### Task requirements
Output exactly the span of lines beginning with the one that holds "extrude(amount=F4_DEPTH)" and ending with the last line of the data below.

[Data excerpts]
◇ ◇ ◇ ◇ ◇ ◇ ◇

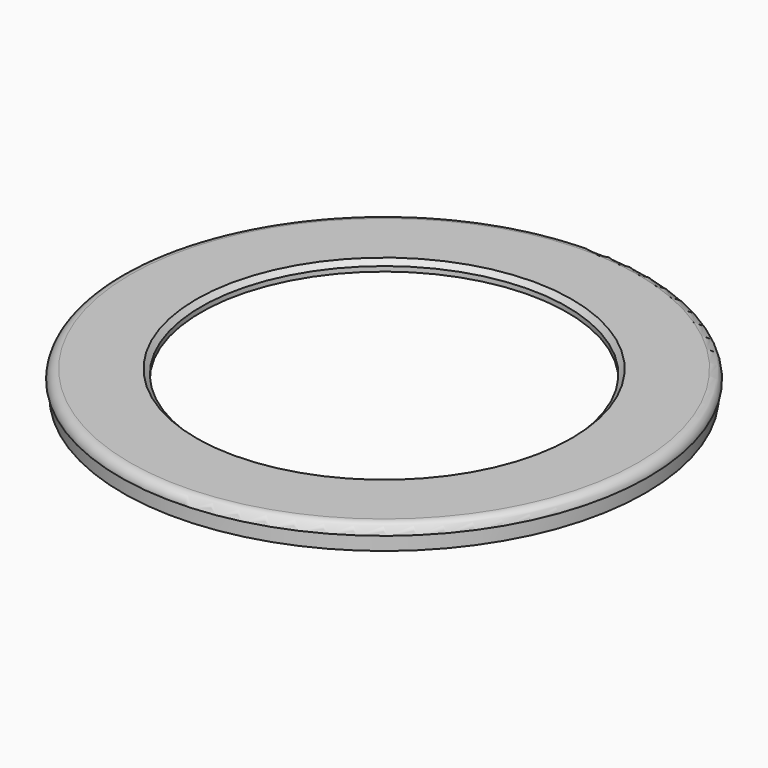
from build123d import *

# Parameters (mm, degrees)
F0_R     = 53.4294983316
F0_R_2   = 51.6
F1_DEPTH = 3
F3_R     = 53.9566734819
F4_DEPTH = 2
F5_R     = 1.99999
F6_R     = 37.4035262833
F7_DEPTH = 3
F8_SIZE2 = 1
F8_SIZE  = 1


# Not quite as in the source:
# - a fillet or chamfer is up to 0.001 mm smaller than in the source, because OpenCascade refuses the exact size


with BuildPart() as f1:
    # F0 (on Top) → F1 (new body)
    with BuildSketch(Plane.XY):
        Circle(F0_R)
        Circle(F0_R_2, mode=Mode.SUBTRACT)
    extrude(amount=-F1_DEPTH)

    # F3 (on offset) → F4 (join)
    with BuildSketch(Plane.XY):
        Circle(F3_R)
    extrude(amount=F4_DEPTH)

    # F5 (radius 2 in the source; OpenCascade refuses exactly that, so slightly less here)
    f5_edges = [f1.edges().sort_by_distance(p)[0] for p in [
        (-53.956673, 0, 2),
    ]]
    fillet(f5_edges, radius=F5_R)

    # F6 (on offset) → F7 (cut)
    with BuildSketch(Plane.XY):
        Circle(F6_R)
    extrude(amount=F7_DEPTH, mode=Mode.SUBTRACT)

    # F8
    f8_edges = [f1.edges().sort_by_distance(p)[0] for p in [
        (-37.403526, 0, 2),
    ]]
    chamfer(f8_edges, length=F8_SIZE, length2=F8_SIZE2)


solid = f1.part

◇ ◇ ◇ ◇ ◇ ◇ ◇

### Reply to the exercise
    extrude(amount=F4_DEPTH)

    # F5 (radius 2 in the source; OpenCascade refuses exactly that, so slightly less here)
    f5_edges = [f1.edges().sort_by_distance(p)[0] for p in [
        (-53.956673, 0, 2),
    ]]
    fillet(f5_edges, radius=F5_R)

    # F6 (on offset) → F7 (cut)
    with BuildSketch(Plane.XY):
        Circle(F6_R)
    extrude(amount=F7_DEPTH, mode=Mode.SUBTRACT)

    # F8
    f8_edges = [f1.edges().sort_by_distance(p)[0] for p in [
        (-37.403526, 0, 2),
    ]]
    chamfer(f8_edges, length=F8_SIZE, length2=F8_SIZE2)


solid = f1.part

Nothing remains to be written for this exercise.